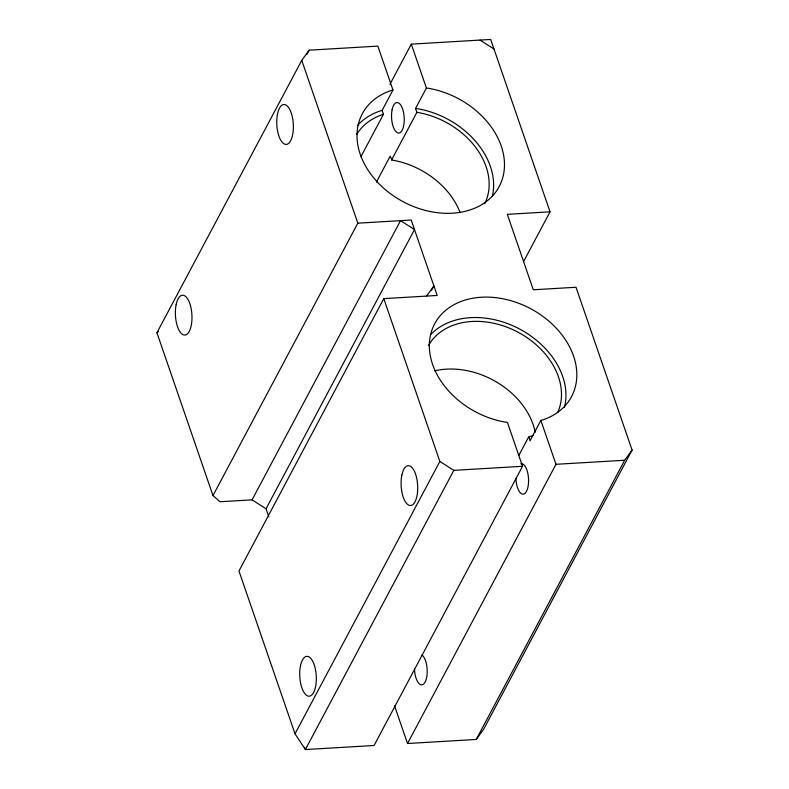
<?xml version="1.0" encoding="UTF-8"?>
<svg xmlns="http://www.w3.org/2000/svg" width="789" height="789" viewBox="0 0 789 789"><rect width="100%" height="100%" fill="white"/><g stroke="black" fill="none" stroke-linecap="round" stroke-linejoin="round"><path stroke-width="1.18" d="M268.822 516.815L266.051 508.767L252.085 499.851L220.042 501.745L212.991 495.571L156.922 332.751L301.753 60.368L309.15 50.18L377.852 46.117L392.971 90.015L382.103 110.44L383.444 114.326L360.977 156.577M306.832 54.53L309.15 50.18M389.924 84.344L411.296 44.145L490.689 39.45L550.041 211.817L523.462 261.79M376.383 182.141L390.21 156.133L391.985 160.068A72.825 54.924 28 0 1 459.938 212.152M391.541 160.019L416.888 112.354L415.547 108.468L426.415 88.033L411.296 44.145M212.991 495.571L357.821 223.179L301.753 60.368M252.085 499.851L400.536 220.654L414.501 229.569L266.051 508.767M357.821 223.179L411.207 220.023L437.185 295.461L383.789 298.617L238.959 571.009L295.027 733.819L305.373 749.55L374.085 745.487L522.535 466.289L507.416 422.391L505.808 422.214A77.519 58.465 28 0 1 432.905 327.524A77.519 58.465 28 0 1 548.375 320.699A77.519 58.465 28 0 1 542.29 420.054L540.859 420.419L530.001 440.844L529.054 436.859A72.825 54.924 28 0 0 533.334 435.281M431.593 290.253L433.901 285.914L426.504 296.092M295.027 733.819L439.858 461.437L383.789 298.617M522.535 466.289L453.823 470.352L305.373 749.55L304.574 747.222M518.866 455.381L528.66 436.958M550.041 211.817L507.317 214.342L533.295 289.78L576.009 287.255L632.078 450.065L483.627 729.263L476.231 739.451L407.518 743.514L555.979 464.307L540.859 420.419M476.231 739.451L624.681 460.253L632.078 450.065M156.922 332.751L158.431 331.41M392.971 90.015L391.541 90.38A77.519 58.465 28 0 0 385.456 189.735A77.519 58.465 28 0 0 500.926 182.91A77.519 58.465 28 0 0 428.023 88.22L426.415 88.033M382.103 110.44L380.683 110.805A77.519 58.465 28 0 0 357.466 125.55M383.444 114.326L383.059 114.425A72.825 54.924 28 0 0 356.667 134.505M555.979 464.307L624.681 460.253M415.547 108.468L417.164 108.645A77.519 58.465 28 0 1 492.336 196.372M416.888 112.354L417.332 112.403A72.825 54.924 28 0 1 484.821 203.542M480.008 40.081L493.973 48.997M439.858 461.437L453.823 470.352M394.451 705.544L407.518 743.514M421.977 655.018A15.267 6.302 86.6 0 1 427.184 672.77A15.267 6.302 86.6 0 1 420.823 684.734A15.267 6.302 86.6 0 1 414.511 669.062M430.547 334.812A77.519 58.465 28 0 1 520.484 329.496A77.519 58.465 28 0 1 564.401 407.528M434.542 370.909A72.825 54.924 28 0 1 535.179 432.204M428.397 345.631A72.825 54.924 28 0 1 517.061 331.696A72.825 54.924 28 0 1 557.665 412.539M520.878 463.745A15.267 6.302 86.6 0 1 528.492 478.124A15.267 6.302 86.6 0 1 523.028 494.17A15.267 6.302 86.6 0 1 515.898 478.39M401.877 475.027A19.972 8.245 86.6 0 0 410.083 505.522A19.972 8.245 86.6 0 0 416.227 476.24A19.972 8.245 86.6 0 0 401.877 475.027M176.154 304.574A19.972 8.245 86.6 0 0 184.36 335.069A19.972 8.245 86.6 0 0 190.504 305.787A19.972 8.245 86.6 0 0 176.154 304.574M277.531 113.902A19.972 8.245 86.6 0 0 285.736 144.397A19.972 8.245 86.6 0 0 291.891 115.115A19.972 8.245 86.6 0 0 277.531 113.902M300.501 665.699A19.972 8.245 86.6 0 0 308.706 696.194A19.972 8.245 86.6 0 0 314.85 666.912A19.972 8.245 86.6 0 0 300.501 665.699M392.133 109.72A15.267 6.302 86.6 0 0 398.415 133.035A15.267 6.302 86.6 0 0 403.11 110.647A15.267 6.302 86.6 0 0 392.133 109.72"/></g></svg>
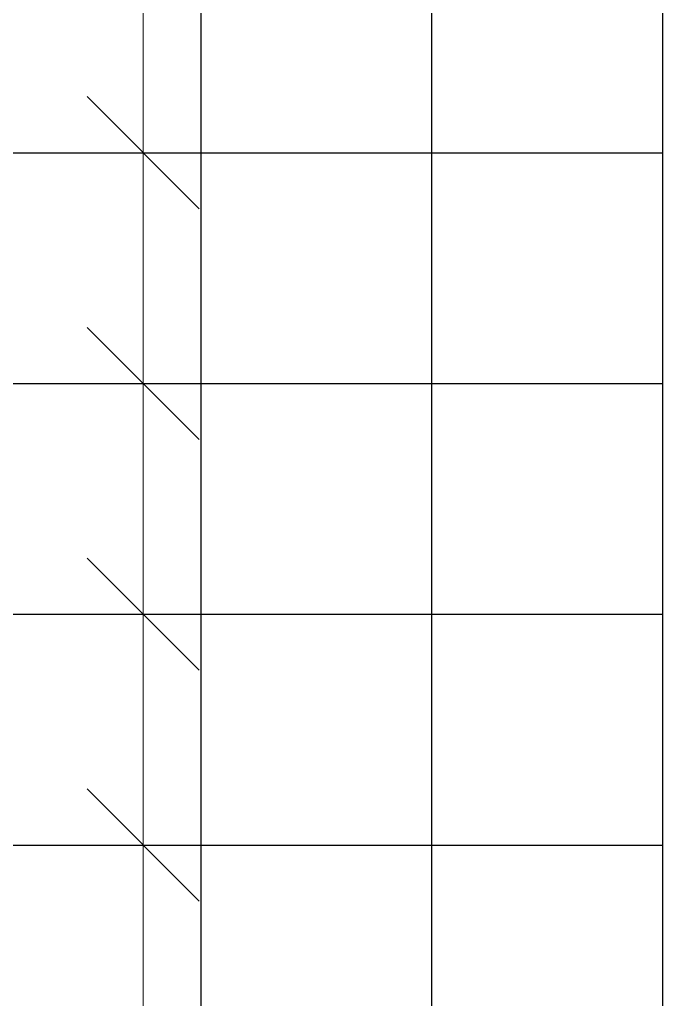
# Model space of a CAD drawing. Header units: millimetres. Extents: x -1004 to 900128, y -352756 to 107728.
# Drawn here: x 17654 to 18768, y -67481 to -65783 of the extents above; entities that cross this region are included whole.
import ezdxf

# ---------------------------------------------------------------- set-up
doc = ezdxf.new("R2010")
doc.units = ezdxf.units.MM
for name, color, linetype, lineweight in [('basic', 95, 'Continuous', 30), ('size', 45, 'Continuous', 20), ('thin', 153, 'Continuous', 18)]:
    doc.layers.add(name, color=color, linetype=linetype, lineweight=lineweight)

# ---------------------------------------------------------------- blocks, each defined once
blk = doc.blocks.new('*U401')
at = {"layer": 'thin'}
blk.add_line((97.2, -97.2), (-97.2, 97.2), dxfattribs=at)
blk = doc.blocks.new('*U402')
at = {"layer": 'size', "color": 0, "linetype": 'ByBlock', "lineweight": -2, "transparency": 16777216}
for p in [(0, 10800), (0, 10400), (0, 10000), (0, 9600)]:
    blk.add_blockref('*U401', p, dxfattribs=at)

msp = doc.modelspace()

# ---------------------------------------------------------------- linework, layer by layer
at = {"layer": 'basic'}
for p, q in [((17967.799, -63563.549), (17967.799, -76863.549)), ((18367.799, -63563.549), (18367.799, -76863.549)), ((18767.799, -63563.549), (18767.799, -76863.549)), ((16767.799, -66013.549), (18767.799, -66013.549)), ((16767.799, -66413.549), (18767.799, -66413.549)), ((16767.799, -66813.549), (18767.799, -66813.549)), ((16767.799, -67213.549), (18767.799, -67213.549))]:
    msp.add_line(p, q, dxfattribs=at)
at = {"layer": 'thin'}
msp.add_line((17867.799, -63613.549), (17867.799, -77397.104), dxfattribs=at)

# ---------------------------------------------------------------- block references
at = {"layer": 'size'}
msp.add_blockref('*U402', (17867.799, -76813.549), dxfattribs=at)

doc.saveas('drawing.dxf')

# [Task]
Lines containing the word "lineweight" are to be located in the entries and copied.

# [Solution to this exercise]
for name, color, linetype, lineweight in [('basic', 95, 'Continuous', 30), ('size', 45, 'Continuous', 20), ('thin', 153, 'Continuous', 18)]:
    doc.layers.add(name, color=color, linetype=linetype, lineweight=lineweight)
at = {"layer": 'size', "color": 0, "linetype": 'ByBlock', "lineweight": -2, "transparency": 16777216}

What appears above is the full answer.